7. Procédé selon l'une quelconque des revendications précédentes caractérisé en ce que le rapport cellules NK/ cellules dendritiques est compris entre 0,01 et 10, de préférence entre 0,05 et 5.

8. Co-culture de cellules dendritiques et de cellules NK.

9. Composition comprenant des cellules NK activées ou au repos et des cellules dendritiques autologues.

10. Composition comprenant des cellules NK activées par le procédé de la revendication 1.

11. Utilisation de cellules dendritiques pour l'activation de cellules tueuses naturelles in vitro ou ex vivo.

12. Utilisation de cellules dendritiques pour la préparation d'une composition destinée à activer les cellules tueuses naturelles in vivo.

13. Utilisation de cellules dendritiques pour la préparation d'une composition destinée à activer l'activité cytolytique des cellules tueuses naturelles in vivo.

14. Utilisation de cellules dendritiques pour la préparation d'une composition destinée à augmenter la production d'IFNy par les cellules NK in vivo.

15. Utilisation selon les revendications 11 à 14 caractérisée en ce que les cellules dendritiques sont des cellules dendritiques matures.

16. Utilisation selon les revendications 11 à 14 caractérisée en ce que les cellules dendritiques sont des cellules dendritiques immatures.

17. Utilisation selon les revendications 11 à 16 caractérisée en ce que les cellules dendritiques sont des cellules dendritiques déclenchées.

18. Utilisation selon les revendications 11 à 17 caractérisée en ce que les cellules dendritiques sont sensibilisées à un ou plusieurs antigènes.

19. Utilisation d'un facteur de croissance des cellules dendritiques pour la préparation d'une composition destinée à activer les cellules tueuses naturelles in vivo.

20. Utilisation selon la revendication 19 caractérisée en ce que le facteur de croissance est le composé FL.

21. Composition comprenant un facteur de costimulation des cellules NK exprimé par les cellules dendritiques.

22. Composition comprenant un composé capable d'interférer avec l'interaction entre les cellules dendritiques et les cellules NK.

23. Utilisation d'un facteur selon la revendication 21 pour la préparation d'une composition destinée à activer les cellules tueuses naturelles in vivo.

24. Utilisation d'un composé selon la revendication 22 pour la préparation d'une composition destinée à contrôler négativement l'activité des cellules tueuses naturelles in vivo.

25 Utilisation de cellules dendritiques ou d'une composition selon les revendications 9 ou 10 pour la préparation d'un médicament destiné au traitement de tumeurs.

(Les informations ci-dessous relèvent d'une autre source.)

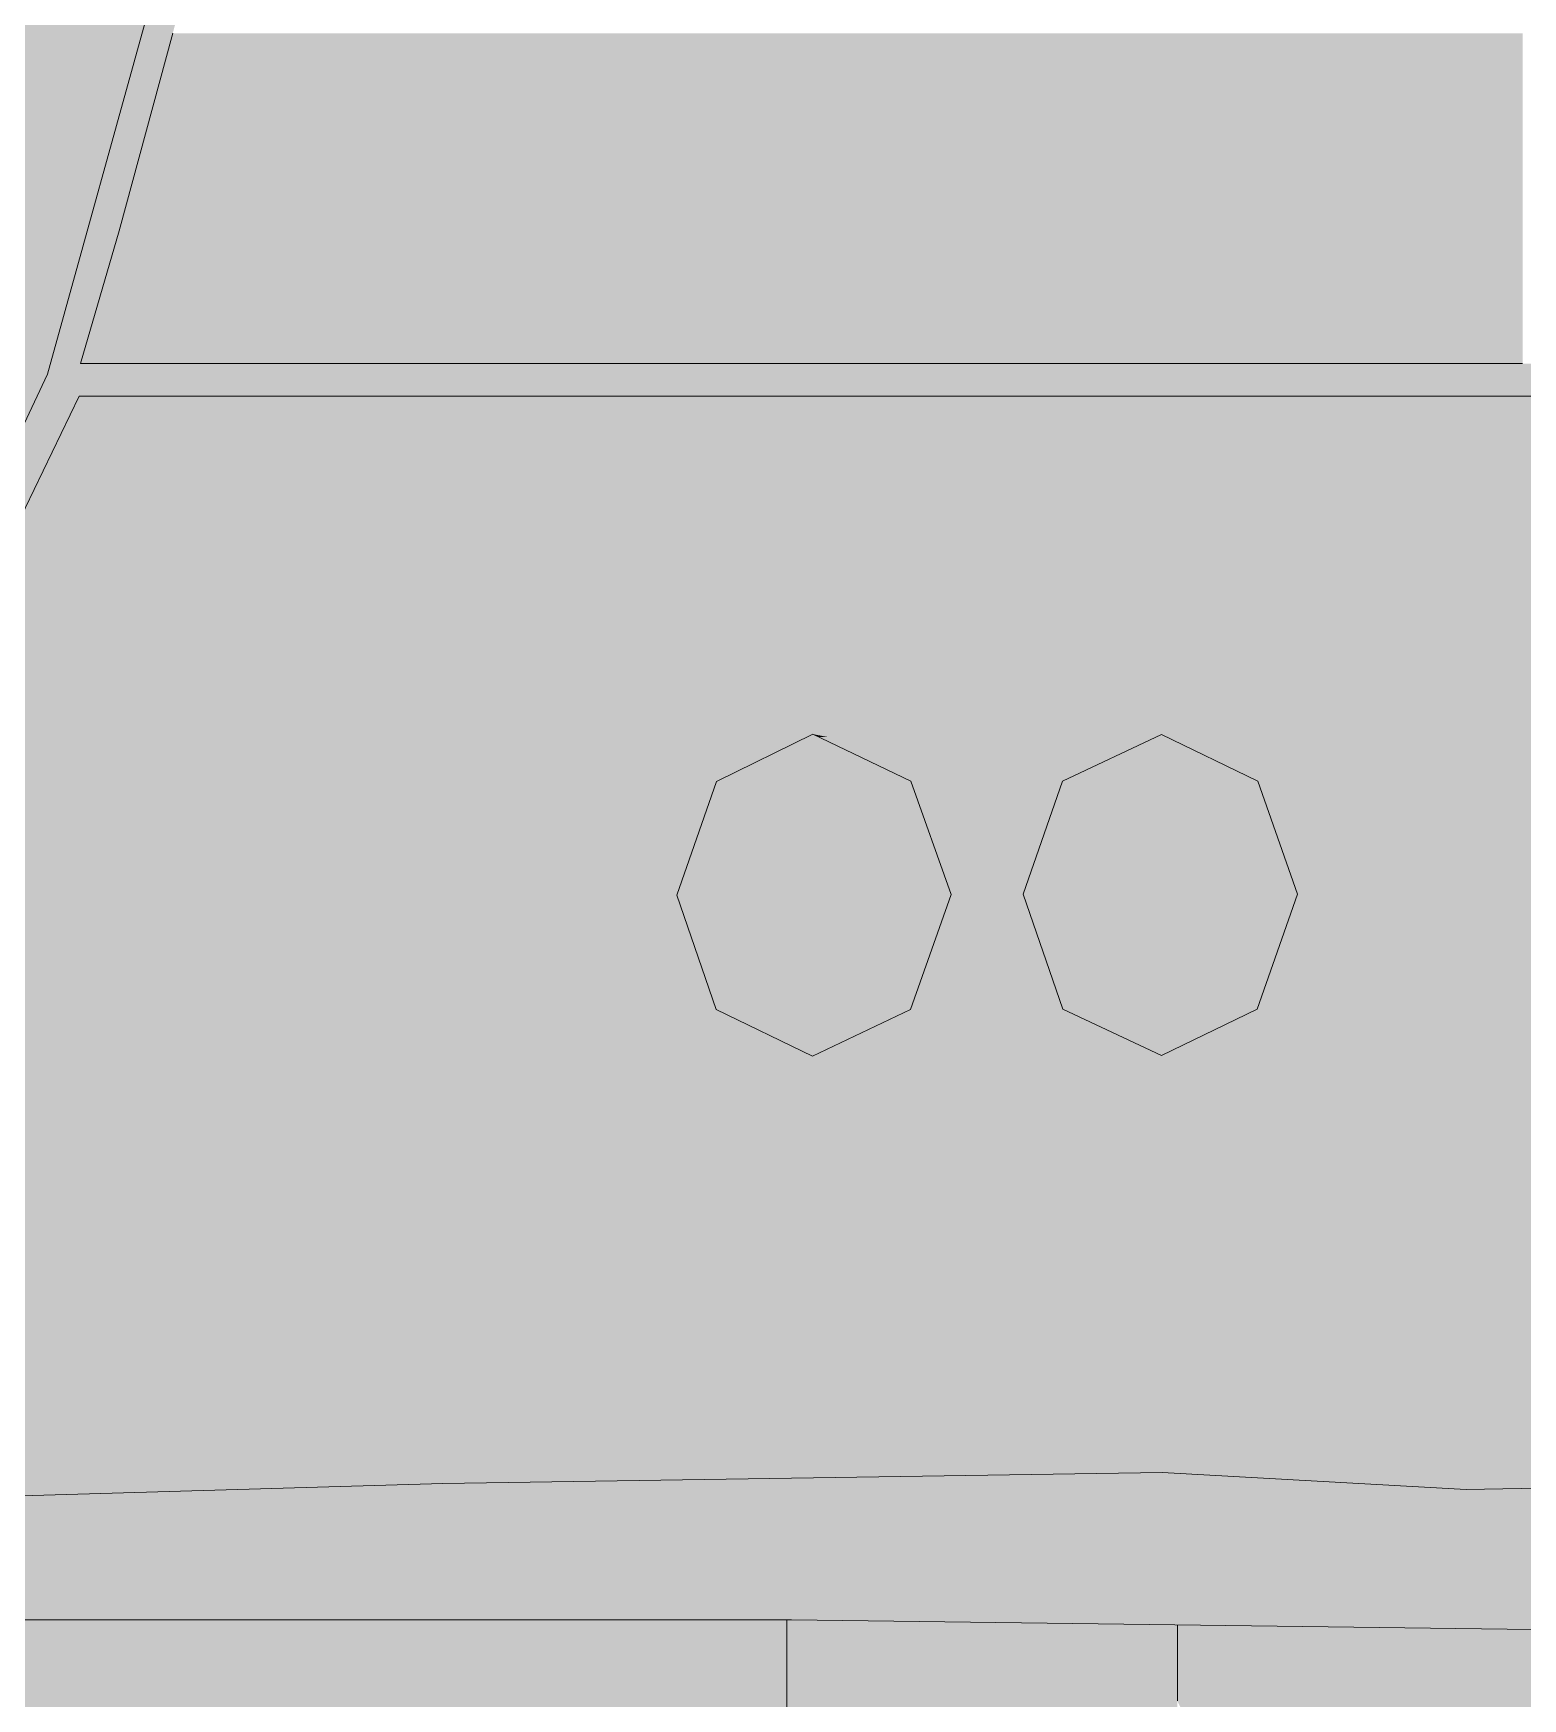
# Model space of a CAD drawing. Header units: millimetres. Extents: x 365175 to 2667127, y -330297 to -162108.
# Drawn here: x 1651566.6 to 1651806.7, y -326868.9 to -326600.4 of the extents above; entities that cross this region are included whole.
import ezdxf

# ---------------------------------------------------------------- set-up
doc = ezdxf.new("R2010")
doc.units = ezdxf.units.MM
doc.header["$MEASUREMENT"] = 0
doc.layers.add('Cars', color=7, linetype='Continuous')

# ---------------------------------------------------------------- blocks, each defined once
blk = doc.blocks.new('Élément de coupe_76_1', base_point=(1275690.65, -327096.82))
at = {"layer": 'Cars', "linetype": 'Continuous', "lineweight": 0, "true_color": 0x000000}
for points in [[(1651554.89, -326651.16), (1651571.66, -326592.39), (1651547.79, -326591.27)], [(1651554.89, -326651.16), (1651568.92, -326655.34), (1651571.66, -326592.39)], [(1651568.92, -326655.34), (1651586.17, -326593.06), (1651571.66, -326592.39)], [(1651568.92, -326655.34), (1651580.47, -326632.26), (1651586.17, -326593.06)], [(1651590.56, -326594.96), (1651586.17, -326593.06), (1651580.47, -326632.26)], [(1651580.47, -326632.26), (1651590.56, -326594.96), (1651587.02, -326593.43), (1651585.59, -326600.7), (1651584.41, -326605.16)], [(1651589.11, -326600.39), (1651590.56, -326594.96), (1651580.47, -326632.26)], [(1651589.11, -326600.39), (1651590.56, -326594.96), (1651580.47, -326632.26)], [(1651634.83, -326632.26), (1651589.11, -326600.39), (1651580.47, -326632.26)], [(1651634.83, -326632.26), (1651634.83, -326600.39), (1651589.11, -326600.39)], [(1651634.83, -326632.26), (1651646.7, -326632.26), (1651634.83, -326600.39)], [(1651646.7, -326632.26), (1651663.08, -326600.39), (1651634.83, -326600.39)], [(1651646.7, -326632.26), (1651748.59, -326632.26), (1651663.08, -326600.39)], [(1651748.59, -326632.26), (1651748.59, -326600.39), (1651663.08, -326600.39)], [(1651806.68, -326600.39), (1651748.59, -326600.39), (1651748.59, -326632.26)], [(1651806.68, -326600.39), (1651748.59, -326632.26), (1651806.68, -326632.26)], [(1651574.02, -326643.52), (1651572.85, -326647.49), (1651580.47, -326632.26), (1651584.41, -326605.16), (1651582.7, -326611.57)], [(1651574.22, -326653.64), (1651580.47, -326632.26), (1651568.92, -326655.34)], [(1651572.85, -326647.49), (1651570.72, -326654.76), (1651574.22, -326653.64), (1651580.47, -326632.26)], [(1651574.22, -326653.64), (1651634.83, -326653.64), (1651580.47, -326632.26)], [(1651634.83, -326653.64), (1651634.83, -326632.26), (1651580.47, -326632.26)], [(1651634.83, -326653.64), (1651646.7, -326632.26), (1651634.83, -326632.26)], [(1651634.83, -326653.64), (1651748.59, -326653.64), (1651646.7, -326632.26)], [(1651748.59, -326653.64), (1651748.59, -326632.26), (1651646.7, -326632.26)], [(1651748.59, -326632.26), (1651748.59, -326653.64), (1651806.68, -326653.64)], [(1651806.68, -326632.26), (1651748.59, -326632.26), (1651806.68, -326653.64)], [(1651548.37, -326698.99), (1651568.92, -326655.34), (1651554.89, -326651.16)], [(1651574.02, -326658.91), (1651568.92, -326655.34), (1651548.37, -326698.99)], [(1651574.02, -326658.91), (1651574.22, -326653.64), (1651568.92, -326655.34)], [(1651570.72, -326654.76), (1651570.28, -326656.29), (1651574.02, -326658.91), (1651574.22, -326653.64)], [(1651634.83, -326658.91), (1651574.22, -326653.64), (1651574.02, -326658.91)], [(1651634.83, -326658.91), (1651574.22, -326653.64), (1651574.02, -326658.91)], [(1651574.22, -326653.64), (1651634.83, -326658.91), (1651634.83, -326653.64)], [(1651574.22, -326653.64), (1651634.83, -326658.91), (1651634.83, -326653.64)], [(1651748.59, -326658.91), (1651748.59, -326653.64), (1651634.83, -326653.64)], [(1651748.59, -326658.91), (1651748.59, -326653.64), (1651634.83, -326653.64)], [(1651748.59, -326658.91), (1651634.83, -326653.64), (1651634.83, -326658.91)], [(1651748.59, -326658.91), (1651634.83, -326653.64), (1651634.83, -326658.91)], [(1651748.59, -326658.91), (1651801.44, -326658.91), (1651748.59, -326653.64)], [(1651748.59, -326658.91), (1651801.44, -326658.91), (1651748.59, -326653.64)], [(1651748.59, -326653.64), (1651801.44, -326658.91), (1651804.03, -326653.64)], [(1651748.59, -326653.64), (1651801.44, -326658.91), (1651804.03, -326653.64)], [(1651804.03, -326653.64), (1651801.44, -326658.91), (1651841.08, -326658.91)], [(1651804.03, -326653.64), (1651801.44, -326658.91), (1651841.08, -326658.91)], [(1651841.08, -326658.91), (1651843.67, -326653.64), (1651804.03, -326653.64)], [(1651841.08, -326658.91), (1651843.67, -326653.64), (1651804.03, -326653.64)], [(1651567.75, -326664.91), (1651570.18, -326664.9), (1651574.02, -326658.91), (1651570.28, -326656.29)], [(1651553.17, -326702.05), (1651574.02, -326658.91), (1651548.37, -326698.99)], [(1651567.71, -326669.9), (1651552.41, -326701.57), (1651553.17, -326702.05), (1651574.02, -326658.91), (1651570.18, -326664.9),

26. Utilisation de cellules dendritiques ou d'une composition selon les revendications 9 ou 10 pour la préparation d'un médicament destiné au traitement de cellules infectées.

27. Utilisation d'une composition selon la revendication 21 pour la préparation d'un médicament destiné au traitement de tumeurs ou de cellules infectées.

28. Utilisation d'une composition selon la revendication 22 pour la préparation d'un médicament destiné au traitement préventif du rejet de greffe ou de la maladie du greffon contre l'hôte (GVHD).

29. Utilisation d'un facteur de croissance des cellules dendritiques pour la préparation d'une composition destinée au traitement des tumeurs de classe # négative ou faiblement positive par augmentation de l'activité NK in situ.

30. Utilisation d'un facteur membranaire de cellules dendritiques pour la préparation d'une composition destinée à augmenter la survie ou la prolifération de sous-population lymphocytaires NK.

31. Utilisation d'un facteur membranaire de cellules NK pour la préparation d'une composition destinée à augmenter la survie de cellules dendritiques matures.

32. Utilisation de cellules dendritiques de phénotype tolérogène ou d'un produit dérivé de cellules dendritiques tolérogènes pour la préparation d'une composition destinée à inhiber l'activation de cellules NK.

33. Méthode de traitement des cellules dendritiques comprenant la mise en contact des cellules dendritiques avec un milieu de déclenchement, permettant d'améliorer (ou de provoquer) leur capacité de stimulation des cellules NK.

34. Composition comprenant au moins un facteur de déclenchement des cellules dendritiques et un facteur de croissance des cellules dendritiques, en vue de leur utilisation simultanée, séparée ou espacée dans le temps.